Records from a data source
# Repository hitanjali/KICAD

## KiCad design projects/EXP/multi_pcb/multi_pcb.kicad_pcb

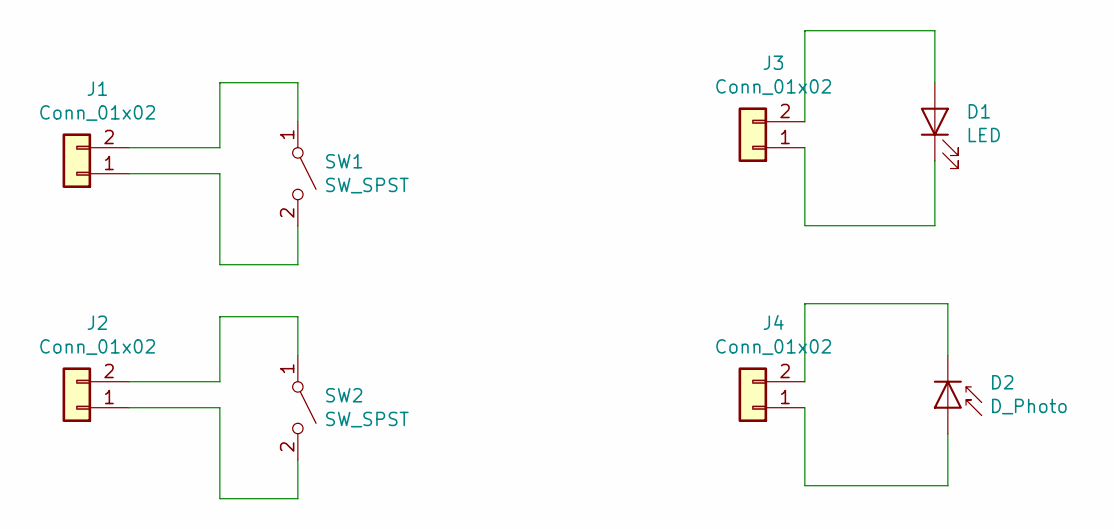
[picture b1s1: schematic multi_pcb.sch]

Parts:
D1: LED; LED_0805_2012Metric
D2: D_Photo; LED_0805_2012Metric
J1, J2, J3, J4: Conn_01x02; JST_EH_B02B-EH-A_1x02_P2.50mm_Vertical
SW1, SW2: SW_SPST; SW_DIP_SPSTx01_Slide_6.7x4.1mm_W6.73mm_P2.54mm_LowProfile_J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

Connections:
unnamed: D1.1 (K), J3.1
unnamed: D1.2 (A), J3.2
unnamed: D2.1 (K), J4.2
unnamed: D2.2 (A), J4.1
unnamed: J1.1, SW1.2 (B)
unnamed: J1.2, SW1.1 (A)
unnamed: J2.1, SW2.2 (B)
unnamed: J2.2, SW2.1 (A)

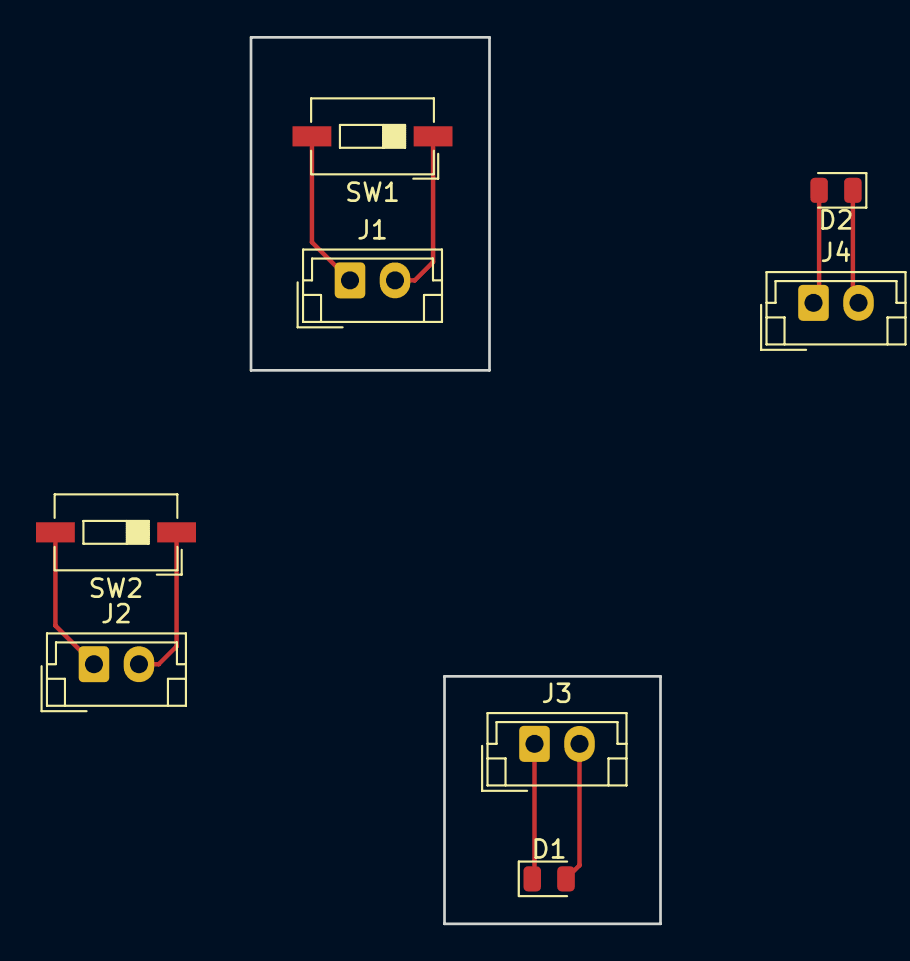
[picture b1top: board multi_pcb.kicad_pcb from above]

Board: 2 copper layers, 8 parts (0 on the bottom side), 8 nets.

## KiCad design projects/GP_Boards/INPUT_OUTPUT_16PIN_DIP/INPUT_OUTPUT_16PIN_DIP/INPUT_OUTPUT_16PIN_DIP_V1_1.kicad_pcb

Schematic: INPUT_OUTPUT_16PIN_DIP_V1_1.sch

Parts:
D1, D2, D3, D4, D5, D6, D7, D8, D9, D10, D11, D12, D13, D14, D15, D16, D17, D18, D19, D20, D21, D22, D23, D24, D25, D26, D27, D28, D29, D30, D31, D32: LED; LED_0603_1608Metric
J1, J2, J7, J8, J9, J12, J22, J28: Conn_01x04; PinHeader_1x04_P2.54mm_Vertical
J3, J6: Conn_01x01; PinHeader_1x01_P2.54mm_Vertical
J4, J5, J11, J24: Conn_02x04_Odd_Even; PinHeader_2x04_P2.54mm_Vertical
J10, J39: Conn_01x08; PinHeader_1x08_P2.54mm_Vertical
J13, J14, J15, J16, J17, J18, J19, J20, J25, J26, J31, J32, J33, J34, J35, J36, J37, J38: Conn_01x03; PinHeader_1x03_P2.54mm_Vertical
J21, J23, J29, J30: Conn_01x02; PinHeader_1x02_P2.54mm_Vertical
J27: Conn_02x08_Counter_Clockwise; DIP-16_W7.62mm
R1, R2, R3, R4, R5, R6, R7, R8, R9, R10, R11, R12, R13, R14, R15, R16, R25, R26, R27, R28, R29, R30, R31, R32, R33, R34, R35, R36, R37, R38, R39, R40: 150; R_1206_3216Metric
R17, R18, R19, R20, R21, R22, R23, R24, R41, R42, R43, R44, R45, R46, R47, R48: 10K; R_1206_3216Metric
RV1, RV2: 20K; Potentiometer_Bourns_3339P_Vertical
SW1, SW2: SW_DIP_x08; DIP-16_W7.62mm

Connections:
/1: J10.1, J13.2, J27.1
/2: J10.2, J14.2, J27.2
/3: J10.3, J15.2, J27.3
/4: J10.4, J16.2, J27.4
/5: J10.5, J17.2, J27.5
/6: J10.6, J18.2, J27.6
/7: J10.7, J19.2, J27.7
/8: J10.8, J20.2, J27.8
/9: J27.9, J31.2, J39.1
/10: J27.10, J32.2, J39.2
/11: J27.11, J33.2, J39.3
/12: J27.12, J34.2, J39.4
/13: J27.13, J35.2, J39.5
/14: J27.14, J36.2, J39.6
/15: J27.15, J37.2, J39.7
/16: J27.16, J38.2, J39.8
/I1: J13.3, R1.2, R17.2, SW1.16
/I2: J14.3, R2.2, R18.2, SW1.15
/I3: J15.3, R3.2, R19.2, SW1.14
/I4: J16.3, R4.2, R20.2, SW1.13
/I5: J17.3, R5.2, R21.2, SW1.12
/I6: J18.3, R6.2, R22.2, SW1.11
/I7: J19.3, R7.2, R23.2, SW1.10
/I8: J20.3, R8.2, R24.2, SW1.9
/I9: J31.1, R40.2, R48.2, SW2.8
/I10: J32.1, R39.2, R47.2, SW2.7
/I11: J33.1, R38.2, R46.2, SW2.6
/I12: J34.1, R37.2, R45.2, SW2.5
/I13: J35.1, R36.2, R44.2, SW2.4
/I14: J36.1, R35.2, R43.2, SW2.3
/I15: J37.1, R34.2, R42.2, SW2.2
/I16: J38.1, R33.2, R41.2, SW2.1
/O1: J13.1, R9.2
/O2: J14.1, R10.2
/O3: J15.1, R11.2
/O4: J16.1, R12.2
/O5: J17.1, R13.2
/O6: J18.1, R14.2
/O7: J19.1, R15.2
/O8: J20.1, R16.2
/O9: J31.3, R32.2
/O10: J32.3, R31.2
/O11: J33.3, R30.2
/O12: J34.3, R29.2
/O13: J35.3, R28.2
/O14: J36.3, R27.2
/O15: J37.3, R26.2
/O16: J38.3, R25.2
GNDREF: D1.1 (K), D2.1 (K), D3.1 (K), D4.1 (K), D5.1 (K), D6.1 (K), D7.1 (K), D8.1 (K), D9.1 (K), D10.1 (K), D11.1 (K), D12.1 (K), D13.1 (K), D14.1 (K), D15.1 (K), D16.1 (K), D17.1 (K), D18.1 (K), D19.1 (K), D20.1 (K), D21.1 (K), D22.1 (K), D23.1 (K), D24.1 (K), D25.1 (K), D26.1 (K), D27.1 (K), D28.1 (K), D29.1 (K), D30.1 (K), D31.1 (K), D32.1 (K), J26.2, R17.1, R18.1, R19.1, R20.1, R21.1, R22.1, R23.1, R24.1, R41.1, R42.1, R43.1, R44.1, R45.1, R46.1, R47.1, R48.1, RV1.3, RV2.1
unnamed: D1.2 (A), R1.1
unnamed: D2.2 (A), R2.1
unnamed: D3.2 (A), R3.1
unnamed: D4.2 (A), R4.1
unnamed: D5.2 (A), R5.1
unnamed: D6.2 (A), R6.1
unnamed: D7.2 (A), R7.1
unnamed: D8.2 (A), R8.1
unnamed: D9.2 (A), R9.1
unnamed: D10.2 (A), R10.1
unnamed: D11.2 (A), R11.1
unnamed: D12.2 (A), R12.1
unnamed: D13.2 (A), R13.1
unnamed: D14.2 (A), R14.1
unnamed: D15.2 (A), R15.1
unnamed: D16.2 (A), R16.1
unnamed: D17.2 (A), R25.1
unnamed: D18.2 (A), R26.1
unnamed: D19.2 (A), R27.1
unnamed: D20.2 (A), R28.1
unnamed: D21.2 (A), R29.1
unnamed: D22.2 (A), R30.1
unnamed: D23.2 (A), R31.1
unnamed: D24.2 (A), R32.1
unnamed: D25.2 (A), R33.1
unnamed: D26.2 (A), R34.1
unnamed: D27.2 (A), R35.1
unnamed: D28.2 (A), R36.1
unnamed: D29.2 (A), R37.1
unnamed: D30.2 (A), R38.1
unnamed: D31.2 (A), R39.1
unnamed: D32.2 (A), R40.1
unnamed: J1.1, J4.7
unnamed: J1.2, J4.5
unnamed: J1.3, J4.3
unnamed: J1.4, J4.1
unnamed: J2.1, J5.7
unnamed: J2.2, J5.5
unnamed: J2.3, J5.3
unnamed: J2.4, J5.1
unnamed: J3.1, RV1.2
unnamed: J4.2, J7.1
unnamed: J4.4, J7.2
unnamed: J4.6, J7.3
unnamed: J4.8, J7.4
unnamed: J5.2, J8.1
unnamed: J5.4, J8.2
unnamed: J5.6, J8.3
unnamed: J5.8, J8.4
unnamed: J6.1, RV2.2
unnamed: J9.4, J11.1
unnamed: J11.2, J12.1
unnamed: J9.3, J11.3
unnamed: J11.4, J12.2
unnamed: J9.2, J11.5
unnamed: J11.6, J12.3
unnamed: J9.1, J11.7
unnamed: J11.8, J12.4
unnamed: J21.1, J23.1, J26.1
unnamed: J21.2, J23.2, J25.3
unnamed: J22.1, J24.7
unnamed: J22.2, J24.5
unnamed: J22.3, J24.3
unnamed: J22.4, J24.1
unnamed: J24.2, J28.1
unnamed: J24.4, J28.2
unnamed: J24.6, J28.3
unnamed: J24.8, J28.4
unnamed: J25.1, J29.1, J30.1
unnamed: J26.3, J29.2, J30.2
VCC: J25.2, RV1.1, RV2.3, SW1.1, SW1.2, SW1.3, SW1.4, SW1.5, SW1.6, SW1.7, SW1.8, SW2.9, SW2.10, SW2.11, SW2.12, SW2.13, SW2.14, SW2.15, SW2.16

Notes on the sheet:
Version 1.1 : Added input feedback leds Added VCC and GND strips

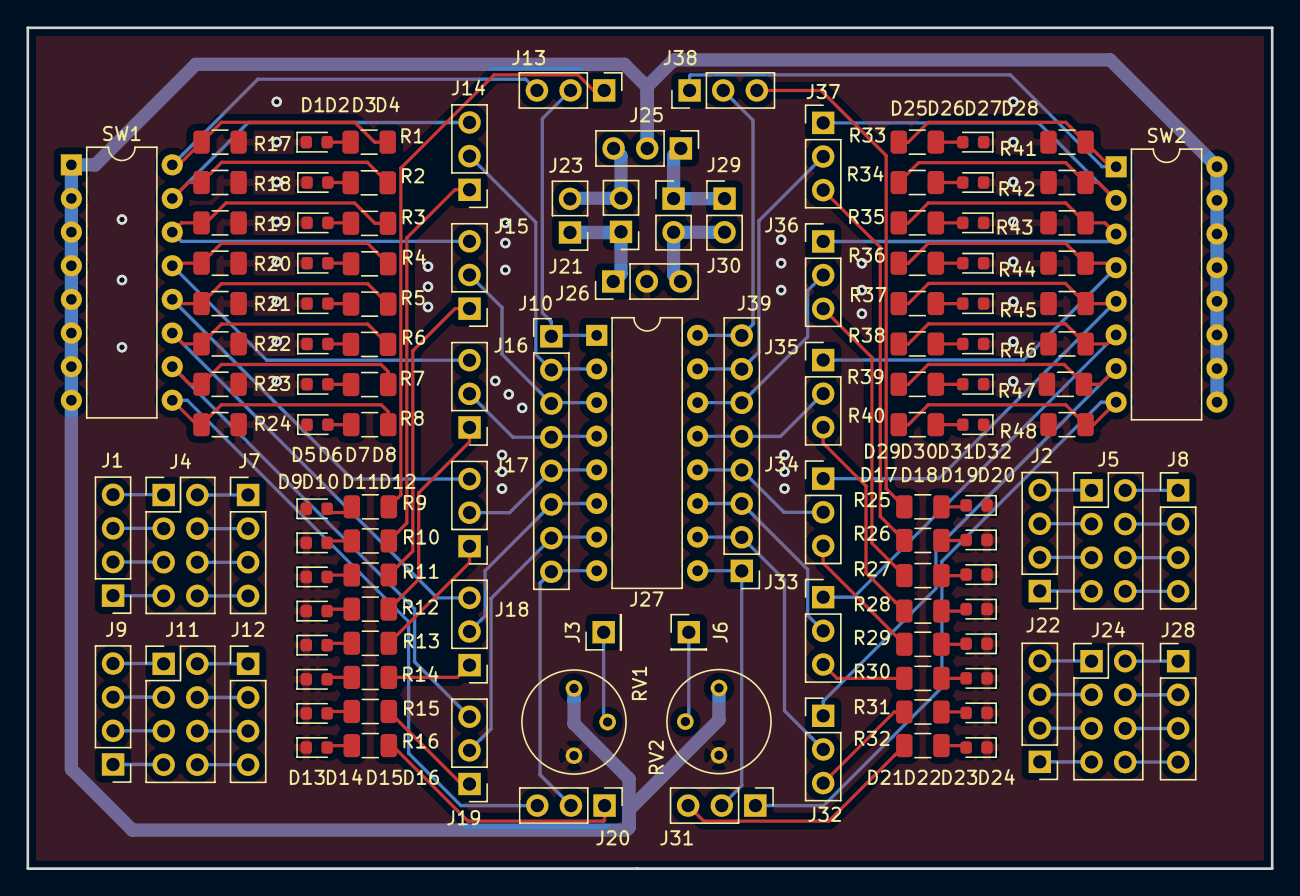
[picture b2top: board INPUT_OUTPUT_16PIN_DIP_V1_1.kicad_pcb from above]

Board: 2 copper layers, 94.0 x 63.5 mm, 123 parts (0 on the bottom side), 120 nets.

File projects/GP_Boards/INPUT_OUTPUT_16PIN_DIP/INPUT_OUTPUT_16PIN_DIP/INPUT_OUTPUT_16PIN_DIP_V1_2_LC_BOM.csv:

S.No,Manufacturing Part No,Designator,Quantity,Description(VALUE),Package(CASE),Top/Bottom,Points (No. of Pins),Comments,,
1,  , "D1, D2, D3, D4, D5, D6, D7, D8, D32, D31, D30, D29, D28, D27, D26, D25, " , "16" , "RED" , "LED_SMD:LED_0603_1608Metric" , TOP , 2, "Light emitting diode", , 
2,  , "D10, D11, D12, D13, D14, D15, D16, D9, D24, D23, D22, D21, D20, D19, D18, D17, " , "16" , "BLUE" , "LED_SMD:LED_0603_1608Metric" , TOP , 2, "Light emitting diode", , 
3,  , "J2, J4, J17, J19, " , "4" , "Conn_01x08" , "Connector_PinSocket_2.54mm:PinSocket_1x08_P2.54mm_Vertical" , TOP , 8, "Generic connector, single row, 01x08, script generated (kicad-library-utils/schlib/autogen/connector/)", , 
4,  , "J5, J3, " , "2" , "Conn_01x01" , "Connector_PinHeader_2.54mm:PinHeader_1x01_P2.54mm_Vertical" , TOP , 1, "Generic connector, single row, 01x01, script generated (kicad-library-utils/schlib/autogen/connector/)", , 
5,  , "J7, J35, J1, J6, J8, J21, " , "6" , "Conn_01x08" , "Connector_PinHeader_2.54mm:PinHeader_1x08_P2.54mm_Vertical" , TOP , 8, "Generic connector, single row, 01x08, script generated (kicad-library-utils/schlib/autogen/connector/)", , 
6,  , "J20, J18, J25, J26, " , "4" , "Conn_01x02" , "Connector_PinHeader_2.54mm:PinHeader_1x02_P2.54mm_Vertical" , TOP , 2, "Generic connector, single row, 01x02, script generated (kicad-library-utils/schlib/autogen/connector/)", , 
7,  , "J24, " , "1" , "Conn_02x08_Counter_Clockwise" , "Package_DIP:DIP-16_W7.62mm" , TOP , 16, "Generic connector, double row, 02x08, counter clockwise pin numbering scheme (similar to DIP packge numbering), script generated (kicad-library-utils/schlib/autogen/connector/)", , 
8,  , "J27, J28, J29, J30, J31, J32, J33, J34, J9, J10, J11, J12, J13, J14, J15, J16, J22, J23, " , "18" , "Conn_01x03" , "Connector_PinHeader_2.54mm:PinHeader_1x03_P2.54mm_Vertical" , TOP , 3, "Generic connector, single row, 01x03, script generated (kicad-library-utils/schlib/autogen/connector/)", , 
9,  , "J36, J37, " , "2" , "Conn_01x05" , "Connector_PinHeader_2.54mm:PinHeader_1x05_P2.54mm_Vertical" , TOP , 5, "Generic connector, single row, 01x05, script generated (kicad-library-utils/schlib/autogen/connector/)", , 
10,  , "R25, R26, R27, R28, R29, R30, R31, R32, R16, R15, R14, R13, R12, R11, R10, R9, R8, R7, R6, R5, R4, R3, R2, R1, R33, R34, R35, R36, R37, R38, R39, R40, " , "32" , "150" , "Resistor_SMD:R_1206_3216Metric" , TOP , 2, "Resistor, US symbol", , 
11,  , "R41, R42, R43, R44, R45, R46, R47, R48, R17, R18, R19, R20, R21, R22, R23, R24, " , "16" , "10K" , "Resistor_SMD:R_1206_3216Metric" , TOP , 2, "Resistor, US symbol", , 
12,  , "RV1, RV2, " , "2" , "20K" , "Potentiometer_THT:Potentiometer_Bourns_3339P_Vertical" , TOP , 3, "Trim-potentiometer, US symbol", , 
13,  , "SW2, SW1, " , "2" , "SW_DIP_x08" , "Package_DIP:DIP-16_W7.62mm" , TOP , 16, "8x DIP Switch, Single Pole Single Throw (SPST) switch, small symbol", ,

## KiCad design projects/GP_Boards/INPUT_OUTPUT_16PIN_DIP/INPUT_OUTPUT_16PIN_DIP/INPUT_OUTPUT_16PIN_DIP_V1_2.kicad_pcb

■ Exercise description ■
Look above for the line with "R48: 10K; R_1206_3216Metric" and the line with "J10.7, J19.2, J27.7". Retype those two lines and every line between them exactly, adding nothing.

■ Solution for this problem ■
R17, R18, R19, R20, R21, R22, R23, R24, R41, R42, R43, R44, R45, R46, R47, R48: 10K; R_1206_3216Metric
RV1, RV2: 20K; Potentiometer_Bourns_3339P_Vertical
SW1, SW2: SW_DIP_x08; DIP-16_W7.62mm

Connections:
/1: J10.1, J13.2, J27.1
/2: J10.2, J14.2, J27.2
/3: J10.3, J15.2, J27.3
/4: J10.4, J16.2, J27.4
/5: J10.5, J17.2, J27.5
/6: J10.6, J18.2, J27.6
/7: J10.7, J19.2, J27.7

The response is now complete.